Your objective
Please repeat each line below exactly, with no images in the copy.

══ Listed entries ══

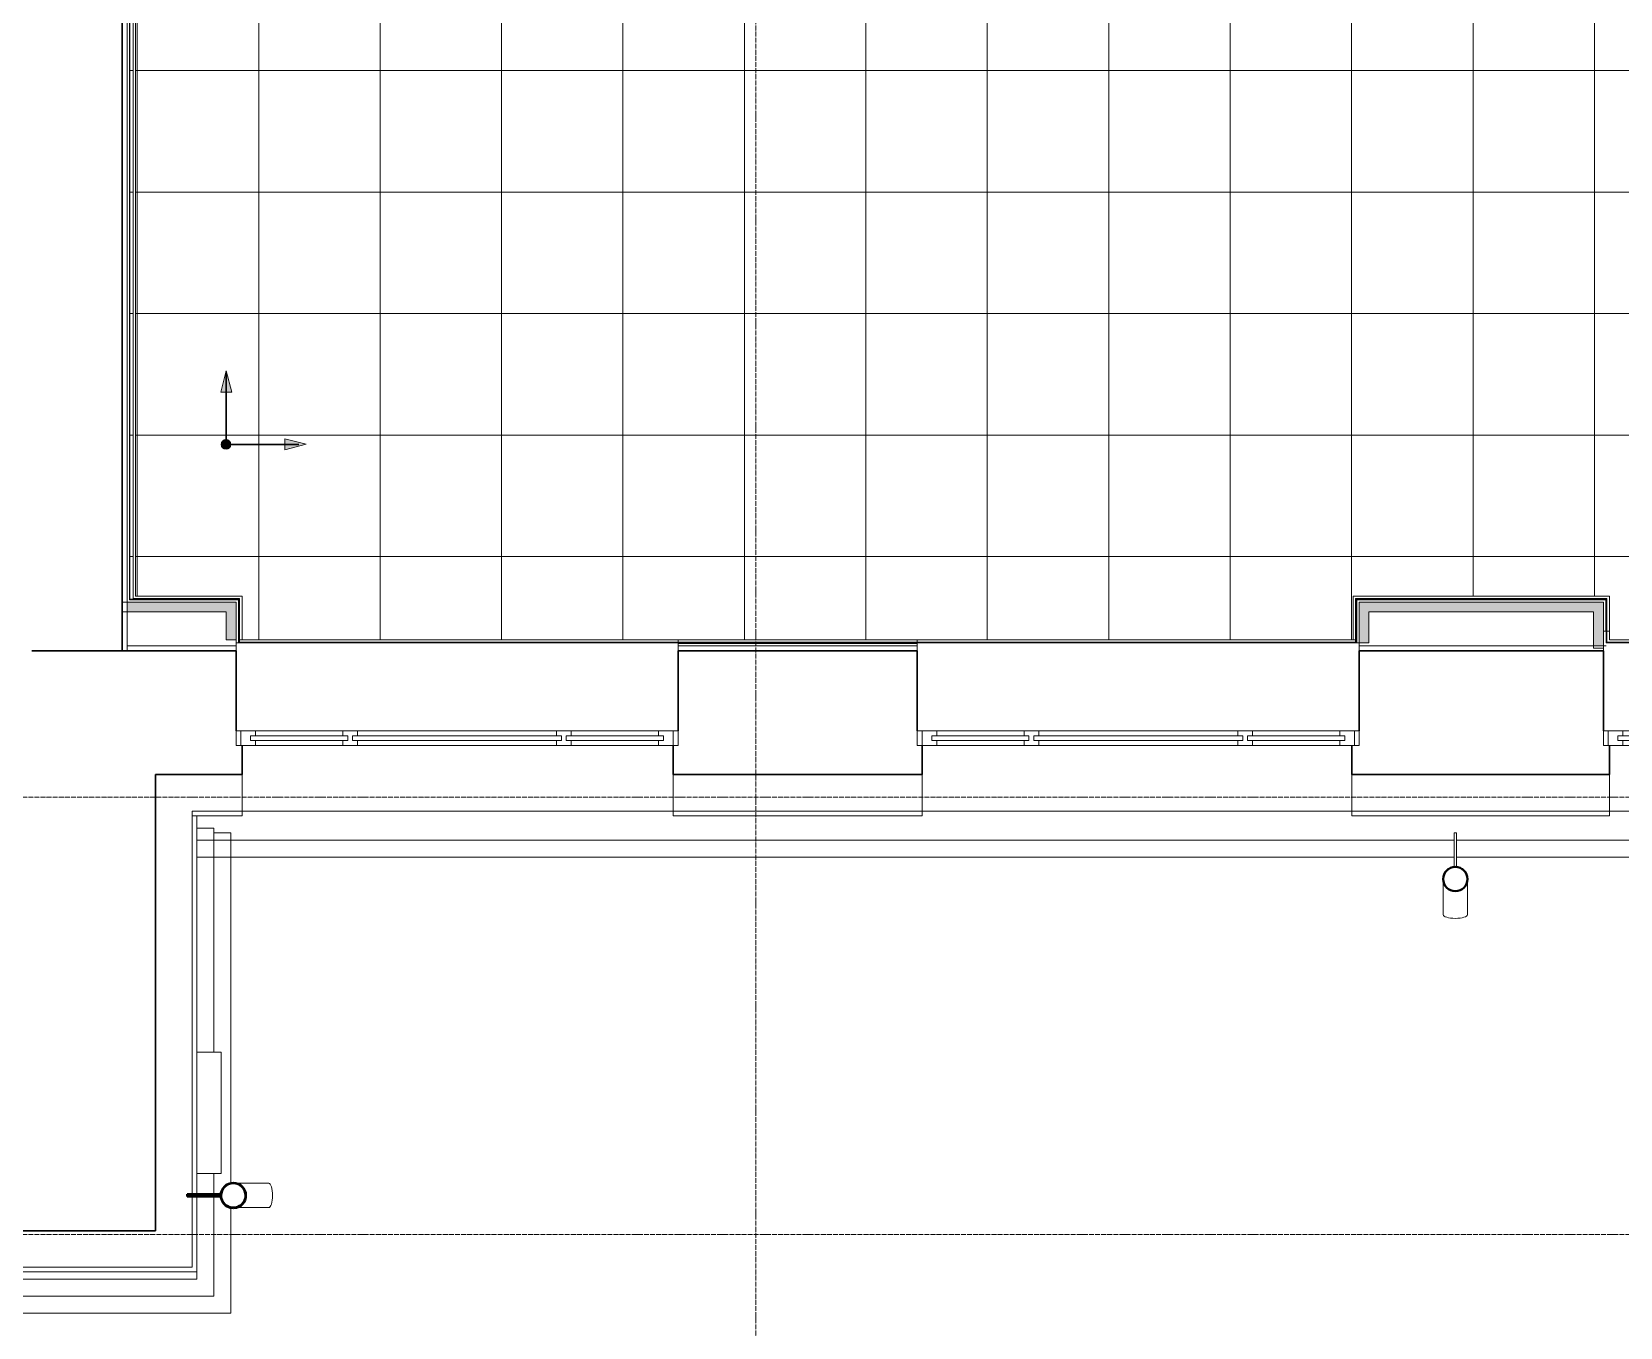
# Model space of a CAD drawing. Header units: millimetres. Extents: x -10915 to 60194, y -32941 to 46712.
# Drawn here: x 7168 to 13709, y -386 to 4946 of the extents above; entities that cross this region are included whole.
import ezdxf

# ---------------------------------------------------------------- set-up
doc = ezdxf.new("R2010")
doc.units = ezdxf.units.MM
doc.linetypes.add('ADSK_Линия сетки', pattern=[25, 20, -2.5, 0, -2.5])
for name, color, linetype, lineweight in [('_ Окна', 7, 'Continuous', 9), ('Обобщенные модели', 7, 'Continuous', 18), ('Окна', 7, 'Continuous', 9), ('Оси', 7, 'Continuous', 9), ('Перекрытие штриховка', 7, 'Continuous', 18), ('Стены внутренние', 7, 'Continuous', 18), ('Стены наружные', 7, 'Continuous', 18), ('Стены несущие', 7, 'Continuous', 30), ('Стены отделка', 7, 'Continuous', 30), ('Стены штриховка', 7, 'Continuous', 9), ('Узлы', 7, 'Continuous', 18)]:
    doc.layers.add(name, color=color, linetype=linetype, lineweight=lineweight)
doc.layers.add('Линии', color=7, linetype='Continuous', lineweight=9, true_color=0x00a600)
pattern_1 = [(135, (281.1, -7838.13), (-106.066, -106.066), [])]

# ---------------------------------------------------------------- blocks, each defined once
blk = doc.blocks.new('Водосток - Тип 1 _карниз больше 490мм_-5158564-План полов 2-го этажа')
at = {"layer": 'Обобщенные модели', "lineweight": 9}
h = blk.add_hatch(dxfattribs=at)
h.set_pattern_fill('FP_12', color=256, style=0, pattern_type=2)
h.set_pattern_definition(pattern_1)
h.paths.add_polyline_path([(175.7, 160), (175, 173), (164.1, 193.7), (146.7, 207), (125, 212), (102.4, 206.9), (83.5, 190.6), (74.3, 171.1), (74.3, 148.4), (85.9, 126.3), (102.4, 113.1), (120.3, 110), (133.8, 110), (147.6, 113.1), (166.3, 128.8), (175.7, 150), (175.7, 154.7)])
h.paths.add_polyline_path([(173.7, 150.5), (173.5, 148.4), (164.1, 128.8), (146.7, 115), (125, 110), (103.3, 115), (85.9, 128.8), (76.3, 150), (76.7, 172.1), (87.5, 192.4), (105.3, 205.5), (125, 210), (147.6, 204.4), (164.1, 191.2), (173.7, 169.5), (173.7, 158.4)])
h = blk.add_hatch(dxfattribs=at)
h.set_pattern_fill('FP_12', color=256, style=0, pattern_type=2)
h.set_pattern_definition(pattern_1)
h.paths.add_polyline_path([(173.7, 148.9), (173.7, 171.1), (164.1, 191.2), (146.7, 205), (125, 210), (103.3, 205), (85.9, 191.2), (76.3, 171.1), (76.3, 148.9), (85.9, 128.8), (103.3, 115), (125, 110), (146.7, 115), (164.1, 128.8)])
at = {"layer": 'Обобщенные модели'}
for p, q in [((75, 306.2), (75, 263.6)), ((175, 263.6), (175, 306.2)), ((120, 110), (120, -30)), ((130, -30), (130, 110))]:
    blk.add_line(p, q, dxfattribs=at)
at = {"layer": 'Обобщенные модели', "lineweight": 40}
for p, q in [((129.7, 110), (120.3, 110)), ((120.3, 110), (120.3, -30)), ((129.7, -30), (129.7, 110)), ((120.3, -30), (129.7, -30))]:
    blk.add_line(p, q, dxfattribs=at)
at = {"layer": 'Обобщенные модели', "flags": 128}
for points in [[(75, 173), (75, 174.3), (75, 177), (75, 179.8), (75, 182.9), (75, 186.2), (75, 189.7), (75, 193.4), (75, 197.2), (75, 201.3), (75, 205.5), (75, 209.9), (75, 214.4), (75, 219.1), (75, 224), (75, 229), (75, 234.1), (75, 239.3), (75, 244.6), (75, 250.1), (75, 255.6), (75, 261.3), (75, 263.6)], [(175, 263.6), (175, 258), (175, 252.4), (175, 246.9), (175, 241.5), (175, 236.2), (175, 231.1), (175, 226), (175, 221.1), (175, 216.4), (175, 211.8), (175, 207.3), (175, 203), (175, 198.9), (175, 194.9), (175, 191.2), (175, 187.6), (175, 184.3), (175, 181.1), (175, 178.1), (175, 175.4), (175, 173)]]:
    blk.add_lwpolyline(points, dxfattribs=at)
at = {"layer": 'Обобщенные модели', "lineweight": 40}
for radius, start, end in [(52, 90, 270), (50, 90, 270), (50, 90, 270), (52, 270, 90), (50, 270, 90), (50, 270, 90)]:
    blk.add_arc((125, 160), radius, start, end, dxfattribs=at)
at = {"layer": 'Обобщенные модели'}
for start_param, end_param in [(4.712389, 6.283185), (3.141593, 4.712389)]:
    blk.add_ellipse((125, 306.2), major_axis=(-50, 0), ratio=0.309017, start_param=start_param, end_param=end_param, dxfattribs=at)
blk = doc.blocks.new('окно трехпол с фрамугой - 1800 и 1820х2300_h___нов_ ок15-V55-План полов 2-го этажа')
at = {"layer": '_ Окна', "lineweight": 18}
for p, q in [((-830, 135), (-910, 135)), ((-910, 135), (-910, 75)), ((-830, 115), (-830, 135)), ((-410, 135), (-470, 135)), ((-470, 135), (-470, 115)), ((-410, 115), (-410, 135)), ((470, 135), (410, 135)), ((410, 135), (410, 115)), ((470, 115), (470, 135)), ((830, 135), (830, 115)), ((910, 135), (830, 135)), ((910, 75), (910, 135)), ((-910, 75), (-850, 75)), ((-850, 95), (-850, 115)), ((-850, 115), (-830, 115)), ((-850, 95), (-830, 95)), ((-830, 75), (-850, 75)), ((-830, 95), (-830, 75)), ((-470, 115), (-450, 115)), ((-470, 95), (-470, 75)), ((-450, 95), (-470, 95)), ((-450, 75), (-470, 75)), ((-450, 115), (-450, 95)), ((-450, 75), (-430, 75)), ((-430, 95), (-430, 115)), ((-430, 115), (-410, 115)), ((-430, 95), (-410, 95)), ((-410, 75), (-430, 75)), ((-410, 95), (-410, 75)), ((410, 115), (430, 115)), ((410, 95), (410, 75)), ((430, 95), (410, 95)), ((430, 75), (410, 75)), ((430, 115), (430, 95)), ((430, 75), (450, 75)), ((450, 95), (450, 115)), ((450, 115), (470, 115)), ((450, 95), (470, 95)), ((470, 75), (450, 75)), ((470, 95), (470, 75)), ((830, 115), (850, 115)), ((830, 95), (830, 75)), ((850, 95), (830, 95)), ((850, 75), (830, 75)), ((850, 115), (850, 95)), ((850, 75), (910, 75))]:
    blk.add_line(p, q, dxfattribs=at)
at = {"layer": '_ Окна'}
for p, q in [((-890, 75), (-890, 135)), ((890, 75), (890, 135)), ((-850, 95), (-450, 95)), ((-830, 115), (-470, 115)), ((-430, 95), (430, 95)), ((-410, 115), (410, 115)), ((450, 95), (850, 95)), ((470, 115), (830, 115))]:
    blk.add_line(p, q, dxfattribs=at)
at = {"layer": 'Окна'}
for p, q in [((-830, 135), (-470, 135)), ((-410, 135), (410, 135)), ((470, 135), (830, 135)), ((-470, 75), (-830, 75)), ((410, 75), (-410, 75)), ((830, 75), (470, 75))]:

═══

Answer for the task
# Model space of a CAD drawing. Header units: millimetres. Extents: x -10915 to 60194, y -32941 to 46712.
# Drawn here: x 7168 to 13709, y -386 to 4946 of the extents above; entities that cross this region are included whole.
import ezdxf

# ---------------------------------------------------------------- set-up
doc = ezdxf.new("R2010")
doc.units = ezdxf.units.MM
doc.linetypes.add('ADSK_Линия сетки', pattern=[25, 20, -2.5, 0, -2.5])
for name, color, linetype, lineweight in [('_ Окна', 7, 'Continuous', 9), ('Обобщенные модели', 7, 'Continuous', 18), ('Окна', 7, 'Continuous', 9), ('Оси', 7, 'Continuous', 9), ('Перекрытие штриховка', 7, 'Continuous', 18), ('Стены внутренние', 7, 'Continuous', 18), ('Стены наружные', 7, 'Continuous', 18), ('Стены несущие', 7, 'Continuous', 30), ('Стены отделка', 7, 'Continuous', 30), ('Стены штриховка', 7, 'Continuous', 9), ('Узлы', 7, 'Continuous', 18)]:
    doc.layers.add(name, color=color, linetype=linetype, lineweight=lineweight)
doc.layers.add('Линии', color=7, linetype='Continuous', lineweight=9, true_color=0x00a600)
pattern_1 = [(135, (281.1, -7838.13), (-106.066, -106.066), [])]

# ---------------------------------------------------------------- blocks, each defined once
blk = doc.blocks.new('Водосток - Тип 1 _карниз больше 490мм_-5158564-План полов 2-го этажа')
at = {"layer": 'Обобщенные модели', "lineweight": 9}
h = blk.add_hatch(dxfattribs=at)
h.set_pattern_fill('FP_12', color=256, style=0, pattern_type=2)
h.set_pattern_definition(pattern_1)
h.paths.add_polyline_path([(175.7, 160), (175, 173), (164.1, 193.7), (146.7, 207), (125, 212), (102.4, 206.9), (83.5, 190.6), (74.3, 171.1), (74.3, 148.4), (85.9, 126.3), (102.4, 113.1), (120.3, 110), (133.8, 110), (147.6, 113.1), (166.3, 128.8), (175.7, 150), (175.7, 154.7)])
h.paths.add_polyline_path([(173.7, 150.5), (173.5, 148.4), (164.1, 128.8), (146.7, 115), (125, 110), (103.3, 115), (85.9, 128.8), (76.3, 150), (76.7, 172.1), (87.5, 192.4), (105.3, 205.5), (125, 210), (147.6, 204.4), (164.1, 191.2), (173.7, 169.5), (173.7, 158.4)])
h = blk.add_hatch(dxfattribs=at)
h.set_pattern_fill('FP_12', color=256, style=0, pattern_type=2)
h.set_pattern_definition(pattern_1)
h.paths.add_polyline_path([(173.7, 148.9), (173.7, 171.1), (164.1, 191.2), (146.7, 205), (125, 210), (103.3, 205), (85.9, 191.2), (76.3, 171.1), (76.3, 148.9), (85.9, 128.8), (103.3, 115), (125, 110), (146.7, 115), (164.1, 128.8)])
at = {"layer": 'Обобщенные модели'}
for p, q in [((75, 306.2), (75, 263.6)), ((175, 263.6), (175, 306.2)), ((120, 110), (120, -30)), ((130, -30), (130, 110))]:
    blk.add_line(p, q, dxfattribs=at)
at = {"layer": 'Обобщенные модели', "lineweight": 40}
for p, q in [((129.7, 110), (120.3, 110)), ((120.3, 110), (120.3, -30)), ((129.7, -30), (129.7, 110)), ((120.3, -30), (129.7, -30))]:
    blk.add_line(p, q, dxfattribs=at)
at = {"layer": 'Обобщенные модели', "flags": 128}
for points in [[(75, 173), (75, 174.3), (75, 177), (75, 179.8), (75, 182.9), (75, 186.2), (75, 189.7), (75, 193.4), (75, 197.2), (75, 201.3), (75, 205.5), (75, 209.9), (75, 214.4), (75, 219.1), (75, 224), (75, 229), (75, 234.1), (75, 239.3), (75, 244.6), (75, 250.1), (75, 255.6), (75, 261.3), (75, 263.6)], [(175, 263.6), (175, 258), (175, 252.4), (175, 246.9), (175, 241.5), (175, 236.2), (175, 231.1), (175, 226), (175, 221.1), (175, 216.4), (175, 211.8), (175, 207.3), (175, 203), (175, 198.9), (175, 194.9), (175, 191.2), (175, 187.6), (175, 184.3), (175, 181.1), (175, 178.1), (175, 175.4), (175, 173)]]:
    blk.add_lwpolyline(points, dxfattribs=at)
at = {"layer": 'Обобщенные модели', "lineweight": 40}
for radius, start, end in [(52, 90, 270), (50, 90, 270), (50, 90, 270), (52, 270, 90), (50, 270, 90), (50, 270, 90)]:
    blk.add_arc((125, 160), radius, start, end, dxfattribs=at)
at = {"layer": 'Обобщенные модели'}
for start_param, end_param in [(4.712389, 6.283185), (3.141593, 4.712389)]:
    blk.add_ellipse((125, 306.2), major_axis=(-50, 0), ratio=0.309017, start_param=start_param, end_param=end_param, dxfattribs=at)
blk = doc.blocks.new('окно трехпол с фрамугой - 1800 и 1820х2300_h___нов_ ок15-V55-План полов 2-го этажа')
at = {"layer": '_ Окна', "lineweight": 18}
for p, q in [((-830, 135), (-910, 135)), ((-910, 135), (-910, 75)), ((-830, 115), (-830, 135)), ((-410, 135), (-470, 135)), ((-470, 135), (-470, 115)), ((-410, 115), (-410, 135)), ((470, 135), (410, 135)), ((410, 135), (410, 115)), ((470, 115), (470, 135)), ((830, 135), (830, 115)), ((910, 135), (830, 135)), ((910, 75), (910, 135)), ((-910, 75), (-850, 75)), ((-850, 95), (-850, 115)), ((-850, 115), (-830, 115)), ((-850, 95), (-830, 95)), ((-830, 75), (-850, 75)), ((-830, 95), (-830, 75)), ((-470, 115), (-450, 115)), ((-470, 95), (-470, 75)), ((-450, 95), (-470, 95)), ((-450, 75), (-470, 75)), ((-450, 115), (-450, 95)), ((-450, 75), (-430, 75)), ((-430, 95), (-430, 115)), ((-430, 115), (-410, 115)), ((-430, 95), (-410, 95)), ((-410, 75), (-430, 75)), ((-410, 95), (-410, 75)), ((410, 115), (430, 115)), ((410, 95), (410, 75)), ((430, 95), (410, 95)), ((430, 75), (410, 75)), ((430, 115), (430, 95)), ((430, 75), (450, 75)), ((450, 95), (450, 115)), ((450, 115), (470, 115)), ((450, 95), (470, 95)), ((470, 75), (450, 75)), ((470, 95), (470, 75)), ((830, 115), (850, 115)), ((830, 95), (830, 75)), ((850, 95), (830, 95)), ((850, 75), (830, 75)), ((850, 115), (850, 95)), ((850, 75), (910, 75))]:
    blk.add_line(p, q, dxfattribs=at)
at = {"layer": '_ Окна'}
for p, q in [((-890, 75), (-890, 135)), ((890, 75), (890, 135)), ((-850, 95), (-450, 95)), ((-830, 115), (-470, 115)), ((-430, 95), (430, 95)), ((-410, 115), (410, 115)), ((450, 95), (850, 95)), ((470, 115), (830, 115))]:
    blk.add_line(p, q, dxfattribs=at)
at = {"layer": 'Окна'}
for p, q in [((-830, 135), (-470, 135)), ((-410, 135), (410, 135)), ((470, 135), (830, 135)), ((-470, 75), (-830, 75)), ((410, 75), (-410, 75)), ((830, 75), (470, 75))]:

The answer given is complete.